Most respondents got six or fewer hours of sleep a night. Only the highest-paid respondent in the study, Manjula, described being able to seek this time for herself. Earning Rs120,000 a month, she had recently started allowing herself the occasional book. “After I left my mother’s house,” she said, “there has not really been any time for me to spend for myself.”
What the Report Recommends
The report’s recommendations centre on treating care as infrastructure rather than a household obligation. It calls for community-based daycare centres with extended hours, staffed and managed by trained local residents.

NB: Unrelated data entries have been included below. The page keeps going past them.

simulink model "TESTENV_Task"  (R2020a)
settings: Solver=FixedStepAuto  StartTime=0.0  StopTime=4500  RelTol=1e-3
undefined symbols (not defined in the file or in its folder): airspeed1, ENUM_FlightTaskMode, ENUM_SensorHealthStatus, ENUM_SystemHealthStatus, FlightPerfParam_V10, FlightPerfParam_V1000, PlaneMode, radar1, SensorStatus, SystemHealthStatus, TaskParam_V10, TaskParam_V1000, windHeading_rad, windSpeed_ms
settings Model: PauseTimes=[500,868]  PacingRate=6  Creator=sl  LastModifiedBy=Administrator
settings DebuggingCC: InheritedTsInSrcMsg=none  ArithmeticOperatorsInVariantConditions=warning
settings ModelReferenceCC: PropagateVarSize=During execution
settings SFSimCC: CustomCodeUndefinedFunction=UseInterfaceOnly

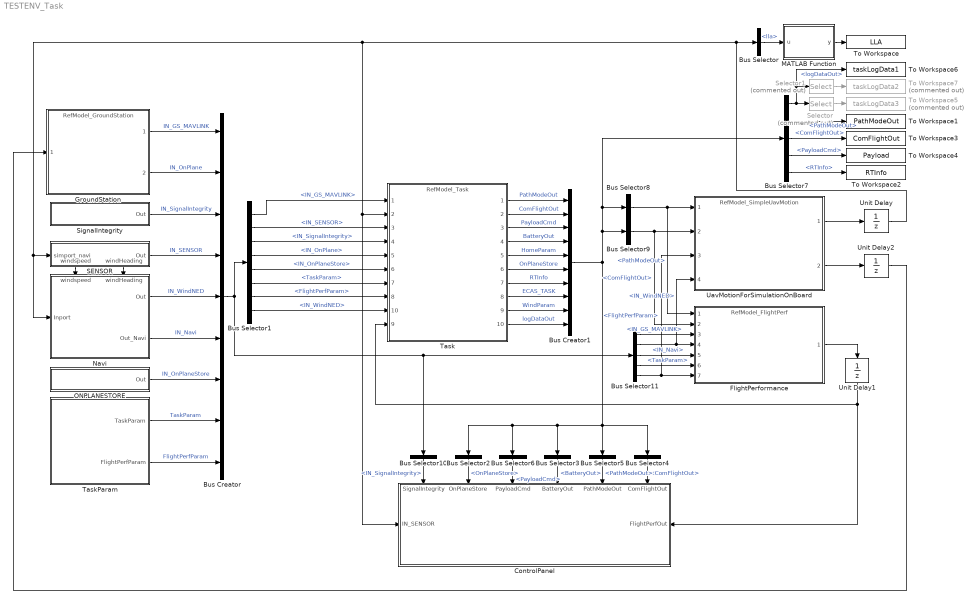
== system TESTENV_Task ==
  Bus Creator : BusCreator  Inputs=9
  Bus Creator1 : BusCreator  Inputs=10
  Bus Selector : BusSelector  OutputSignals=lla
  Bus Selector1 : BusSelector  OutputSignals=IN_GS_MAVLINK,IN_SENSOR,IN_SignalIntegrity,IN_OnPlane,IN_OnPlaneStore,TaskParam,FlightPerfParam,IN_WindNED
  Bus Selector10 : BusSelector  OutputSignals=IN_SignalIntegrity
  Bus Selector11 : BusSelector  OutputSignals=IN_GS_MAVLINK,IN_WindNED,IN_Navi,TaskParam,FlightPerfParam
  Bus Selector2 : BusSelector  OutputSignals=OnPlaneStore
  Bus Selector3 : BusSelector  OutputSignals=BatteryOut
  Bus Selector4 : BusSelector  OutputSignals=ComFlightOut
  Bus Selector5 : BusSelector  OutputSignals=PathModeOut
  Bus Selector6 : BusSelector  OutputSignals=PayloadCmd
  Bus Selector7 : BusSelector  OutputSignals=logDataOut,PathModeOut,ComFlightOut,PayloadCmd,RTInfo
  Bus Selector8 : BusSelector  OutputSignals=PathModeOut
  Bus Selector9 : BusSelector  OutputSignals=ComFlightOut
  ControlPanel : Subsystem
      settings: PortSchema="{\"entries\":[{\"content\":{\"sides\":[{\"content\":{\"connectorIds\":[]},\"type\":\"ConnectorPlacement.EquallySpacedRectSide\",\"uuid\":\"28eb3c17-6733-4c9d-9d3b-b06e91bad00c\"},{\"content\":{\"connectorIds\":[\"In3\",\"In4\",\"In5\",\"In6\",\"In7\",\"In8\"],\"side\":\"RIGHT\"},\"type\":\"ConnectorPlacement.EquallySpacedRectSide\",\"uuid\":\"44e37a17-9aaf-4985-a14b-a4ae4b690f0b\"},{\"content\":{\"connectorIds\":[\"In1\"],\"side\":\"TOP\"},\"type\":\"ConnectorPlacement.EquallySpacedRectSide\",\"uuid\":\"dc63a870-4d25-41e6-babc-24267acffaf6\"},{\"content\":{\"connectorIds\":[\"In2\"],\"side\":\"BOTTOM\"},\"type\":\"ConnectorPlacement.EquallySpacedRectSide\",\"uuid\":\"de4ecddf-9d24-4ca5-8235-aab9efd95b3c\"}]},\"type\":\"ConnectorPlacement.EquallySpacedConnector\",\"uuid\":\"a23d6a61-f1f8-4715-9225-859bb8c68d23\"}],\"packageUris\":[\"http://schema.mathworks.com/mf0/Connector/19700101\"],\"version\":\"1.0\"}"
  FlightPerformance : ModelReference  ModelNameDialog=RefModel_FlightPerf.slx  SimulationMode=Normal  CachedPortDiscreteRates=[0.04]  ModelReferenceVersion=1.3545
  GroundStation : ModelReference  ModelNameDialog=RefModel_GroundStation.slx  SimulationMode=Normal  CachedPortDiscreteRates=[0.04]  ModelReferenceVersion=1.3846
  MATLAB Function : MATLAB Function  TreatAsAtomicUnit=on
  Navi : Subsystem
      settings: PortSchema="{\"entries\":[{\"content\":{\"sides\":[{\"content\":{\"connectorIds\":[\"In1\"]},\"type\":\"ConnectorPlacement.EquallySpacedRectSide\",\"uuid\":\"f65589f5-bebe-42f0-87a0-22889f9d8cf8\"},{\"content\":{\"connectorIds\":[\"Out1\",\"Out2\"],\"side\":\"RIGHT\"},\"type\":\"ConnectorPlacement.EquallySpacedRectSide\",\"uuid\":\"9d118f62-a4fa-485f-8fb7-3972b29fb71e\"},{\"content\":{\"connectorIds\":[\"In2\",\"In3\"],\"side\":\"TOP\"},\"type\":\"ConnectorPlacement.EquallySpacedRectSide\",\"uuid\":\"31b3786a-ad94-4275-bb9f-8feeb00b35dc\"}]},\"type\":\"ConnectorPlacement.EquallySpacedConnector\",\"uuid\":\"aa2c1c65-c057-4fb8-aaff-4f4272248123\"}],\"packageUris\":[\"http://schema.mathworks.com/mf0/Connector/19700101\"],\"version\":\"1.0\"}"
  ONPLANESTORE : Subsystem
  SENSOR : Subsystem
      settings: PortSchema="{\"entries\":[{\"content\":{\"sides\":[{\"content\":{\"connectorIds\":[\"In1\"]},\"type\":\"ConnectorPlacement.EquallySpacedRectSide\",\"uuid\":\"ba991dc2-7a34-4bf6-a888-7f4af2e50d12\"},{\"content\":{\"connectorIds\":[\"Out1\"],\"side\":\"RIGHT\"},\"type\":\"ConnectorPlacement.EquallySpacedRectSide\",\"uuid\":\"c7226504-ba61-436f-baed-66203ae29e34\"},{\"content\":{\"connectorIds\":[],\"side\":\"TOP\"},\"type\":\"ConnectorPlacement.EquallySpacedRectSide\",\"uuid\":\"1861e618-12e2-4f65-bbab-d347bc046ba7\"},{\"content\":{\"connectorIds\":[\"Out2\",\"Out3\"],\"side\":\"BOTTOM\"},\"type\":\"ConnectorPlacement.EquallySpacedRectSide\",\"uuid\":\"711a3230-d97b-4007-957d-7ac810c9eb75\"}]},\"type\":\"ConnectorPlacement.EquallySpacedConnector\",\"uuid\":\"48c07c27-922c-4e4d-aad7-64a2a545d2e4\"}],\"packageUris\":[\"http://schema.mathworks.com/mf0/Connector/19700101\"],\"version\":\"1.0\"}"
  Selector : Selector  Commented=on  InputPortWidth=3  IndexOptions=Index vector (dialog)  Indices=3  OutputSizes=1
  Selector1 : Selector  Commented=on  InputPortWidth=3  IndexOptions=Index vector (dialog)  Indices=2  OutputSizes=1
  SignalIntegrity : Subsystem
  Task : ModelReference  ModelNameDialog=RefModel_Task.slx  SimulationMode=Normal  CachedPortDiscreteRates=[0.036]  ModelReferenceVersion=1.6002
      settings: PortSchema="{\"entries\":[{\"content\":{\"sides\":[{\"content\":{\"connectorIds\":[\"In1\",\"In2\",\"In3\",\"In4\",\"In5\",\"In6\",\"In7\",\"In8\",\"In10\",\"In9\"]},\"type\":\"ConnectorPlacement.EquallySpacedRectSide\",\"uuid\":\"d9fd24e3-43bd-49c5-a4e1-6245eb51949c\"},{\"content\":{\"connectorIds\":[\"Out1\",\"Out2\",\"Out3\",\"Out4\",\"Out5\",\"Out6\",\"Out7\",\"Out8\",\"Out9\",\"Out10\"],\"side\":\"RIGHT\"},\"type\":\"ConnectorPlacement.EquallySpacedRectSide\",\"uuid\":\"bf33909e-0e0f-4f0f-a250-56f1d45be6e7\"},{\"content\":{\"connectorIds\":[],\"side\":\"TOP\"},\"type\":\"ConnectorPlacement.EquallySpacedRectSide\",\"uuid\":\"77fc1f2c-3bac-4439-b1c1-53d076175420\"}]},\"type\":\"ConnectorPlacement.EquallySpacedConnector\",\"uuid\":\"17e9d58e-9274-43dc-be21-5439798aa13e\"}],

The report also suggests expanding school meal programmes beyond Grade 5. Already, 19 of the 45 respondents had at least one child receiving a free school meal, which the Colombo Municipal Council supports with an allowance of Rs100 per child per meal. The report found such programmes have proven to be a rare source of income compatible with childcare.
Two respondents worked as meal servers at schools, earning as little as Rs300 a day, specifically because the hours aligned with the school day and the holidays aligned with their children’s. “That is why I go,” one said, “even for such a small amount. No one else would go work for such a small amount.”